DiG: Differential Grounding for Enhancing Fine-Grained Perception in Multimodal Large Language Model
Zhou Tao, Shida Wang, Yongxiang Hua, Haoyu Cao, Linli Xu

TL;DR
This paper introduces DiG, a novel training framework for multimodal large language models that enhances their fine-grained visual perception and spatial reasoning by learning to identify differences between image pairs, supported by a scalable data generation pipeline.
Contribution
We propose Differential Grounding (DiG), a new proxy task framework with an automated 3D rendering pipeline and curriculum learning to improve fine-grained perception in MLLMs.
Findings
Significant performance improvements on visual perception benchmarks.

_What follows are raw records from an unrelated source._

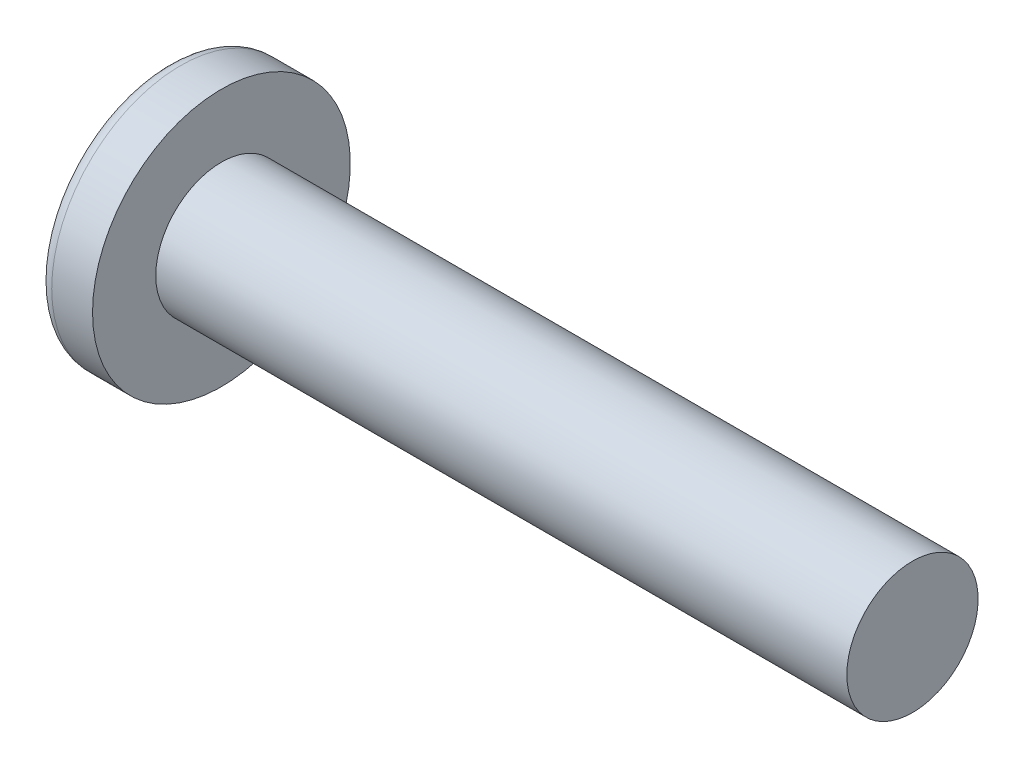
ISO-10303-21;
HEADER;
FILE_DESCRIPTION(('STEP AP214'),'2;1');
FILE_NAME('part.step','',(''),(''),'','','');
FILE_SCHEMA(('AUTOMOTIVE_DESIGN { 1 0 10303 214 1 1 1 1 }'));
ENDSEC;
DATA;
#1=APPLICATION_CONTEXT('core data for automotive mechanical design processes');
#2=APPLICATION_PROTOCOL_DEFINITION('international standard','automotive_design',2000,#1);
#3=PRODUCT_CONTEXT('',#1,'mechanical');
#4=PRODUCT('Part','Part','',(#3));
#5=PRODUCT_RELATED_PRODUCT_CATEGORY('part','',(#4));
#6=PRODUCT_DEFINITION_FORMATION('','',#4);
#7=PRODUCT_DEFINITION_CONTEXT('part definition',#1,'design');
#8=PRODUCT_DEFINITION('design','',#6,#7);
#9=PRODUCT_DEFINITION_SHAPE('','',#8);
#10=(LENGTH_UNIT() NAMED_UNIT(*) SI_UNIT(.MILLI.,.METRE.));
#11=(NAMED_UNIT(*) PLANE_ANGLE_UNIT() SI_UNIT($,.RADIAN.));
#12=(NAMED_UNIT(*) SI_UNIT($,.STERADIAN.) SOLID_ANGLE_UNIT());
#13=UNCERTAINTY_MEASURE_WITH_UNIT(LENGTH_MEASURE(1.E-05),#10,'distance_accuracy_value','');
#14=(GEOMETRIC_REPRESENTATION_CONTEXT(3) GLOBAL_UNCERTAINTY_ASSIGNED_CONTEXT((#13)) GLOBAL_UNIT_ASSIGNED_CONTEXT((#10,
#11,#12)) REPRESENTATION_CONTEXT('',''));
#15=CARTESIAN_POINT('',(0.,0.,0.));
#16=DIRECTION('',(0.,0.,1.));
#17=DIRECTION('',(1.,0.,0.));
#18=AXIS2_PLACEMENT_3D('',#15,#16,#17);
#19=CARTESIAN_POINT('',(7.7216,0.,0.));
#20=DIRECTION('',(-1.,0.,0.));
#21=DIRECTION('',(0.,1.,0.));
#22=AXIS2_PLACEMENT_3D('',#19,#20,#21);
#23=SPHERICAL_SURFACE('',#22,7.7216);
#24=CARTESIAN_POINT('',(1.46619704189251,0.,0.));
#25=DIRECTION('',(-1.,0.,0.));
#26=DIRECTION('',(0.,0.,1.));
#27=AXIS2_PLACEMENT_3D('',#24,#25,#26);
#28=CIRCLE('',#27,4.52692394366197);
#29=CARTESIAN_POINT('',(1.46619704189251,0.,4.52692394366197));
#30=VERTEX_POINT('',#29);
#31=EDGE_CURVE('E153',#30,#30,#28,.T.);
#32=ORIENTED_EDGE('',*,*,#31,.T.);
#33=EDGE_LOOP('',(#32));
#34=FACE_BOUND('',#33,.T.);
#35=CARTESIAN_POINT('',(7.71626836849415,-0.0635159579392896,0.));
#36=DIRECTION('',(-0.0836474251843073,-0.996495413065226,0.));
#37=DIRECTION('',(0.996495413065226,-0.0836474251843073,0.));
#38=AXIS2_PLACEMENT_3D('',#35,#36,#37);
#39=CIRCLE('',#38,7.72133692159541);
#40=CARTESIAN_POINT('',(0.492297297865042,0.542875774266794,2.65811491373462));
#41=VERTEX_POINT('',#40);
#42=CARTESIAN_POINT('',(0.0437691983649017,0.580525943202944,0.580525943202946));
#43=VERTEX_POINT('',#42);
#44=EDGE_CURVE('E184',#41,#43,#39,.T.);
#45=ORIENTED_EDGE('',*,*,#44,.F.);
#46=CARTESIAN_POINT('',(6.22874657717022,0.,-1.88498542790488));
#47=DIRECTION('',(0.620849497837048,0.,0.783929780679038));
#48=DIRECTION('',(0.783929780679038,0.,-0.620849497837048));
#49=AXIS2_PLACEMENT_3D('',#46,#47,#48);
#50=CIRCLE('',#49,7.33766482980326);
#51=CARTESIAN_POINT('',(0.492297297865042,-0.542875774266812,2.65811491373462));
#52=VERTEX_POINT('',#51);
#53=EDGE_CURVE('E149',#41,#52,#50,.T.);
#54=ORIENTED_EDGE('',*,*,#53,.T.);
#55=CARTESIAN_POINT('',(7.71626836849415,0.0635159579392893,0.));
#56=DIRECTION('',(-0.0836474251843072,0.996495413065226,0.));
#57=DIRECTION('',(-0.996495413065226,-0.0836474251843072,0.));
#58=AXIS2_PLACEMENT_3D('',#55,#56,#57);
#59=CIRCLE('',#58,7.72133692159541);
#60=CARTESIAN_POINT('',(0.0437691983649017,-0.580525943202948,0.580525943202946));
#61=VERTEX_POINT('',#60);
#62=EDGE_CURVE('E105',#61,#52,#59,.T.);
#63=ORIENTED_EDGE('',*,*,#62,.F.);
#64=CARTESIAN_POINT('',(7.71626836849415,0.,-0.0635159579392893));
#65=DIRECTION('',(-0.0836474251843072,0.,-0.996495413065226));
#66=DIRECTION('',(-0.996495413065226,0.,0.0836474251843072));
#67=AXIS2_PLACEMENT_3D('',#64,#65,#66);
#68=CIRCLE('',#67,7.72133692159541);
#69=CARTESIAN_POINT('',(0.492297297865041,-2.65811491373462,0.542875774266802));
#70=VERTEX_POINT('',#69);
#71=EDGE_CURVE('E130',#70,#61,#68,.T.);
#72=ORIENTED_EDGE('',*,*,#71,.F.);
#73=CARTESIAN_POINT('',(6.22874657717022,1.88498542790488,0.));
#74=DIRECTION('',(0.620849497837048,-0.783929780679038,0.));
#75=DIRECTION('',(0.783929780679038,0.620849497837048,0.));
#76=AXIS2_PLACEMENT_3D('',#73,#74,#75);
#77=CIRCLE('',#76,7.33766482980326);
#78=CARTESIAN_POINT('',(0.492297297865041,-2.65811491373462,-0.542875774266803));
#79=VERTEX_POINT('',#78);
#80=EDGE_CURVE('E138',#70,#79,#77,.T.);
#81=ORIENTED_EDGE('',*,*,#80,.T.);
#82=CARTESIAN_POINT('',(7.71626836849415,0.,0.0635159579392897));
#83=DIRECTION('',(-0.0836474251843073,0.,0.996495413065226));
#84=DIRECTION('',(0.996495413065226,0.,0.0836474251843073));
#85=AXIS2_PLACEMENT_3D('',#82,#83,#84);
#86=CIRCLE('',#85,7.72133692159541);
#87=CARTESIAN_POINT('',(0.0437691983649017,-0.580525943202944,-0.580525943202946));
#88=VERTEX_POINT('',#87);
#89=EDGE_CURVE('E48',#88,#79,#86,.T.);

Effective transfer of fine-grained perception skills to downstream tasks.
Robustness of the approach across various multimodal perception benchmarks.
Abstract
Multimodal Large Language Models have achieved impressive performance on a variety of vision-language tasks, yet their fine-grained visual perception and precise spatial reasoning remain limited. In this work, we introduce DiG (Differential Grounding), a novel proxy task framework where MLLMs learn fine-grained perception by identifying and localizing all differences between similar image pairs without prior knowledge of their number. To support scalable training, we develop an automated 3D rendering-based data generation pipeline that produces high-quality paired images with fully controllable discrepancies. To address the sparsity of difference signals, we further employ curriculum learning that progressively increases complexity from single to multiple differences, enabling stable optimization. Extensive experiments demonstrate that DiG significantly improves model performance across…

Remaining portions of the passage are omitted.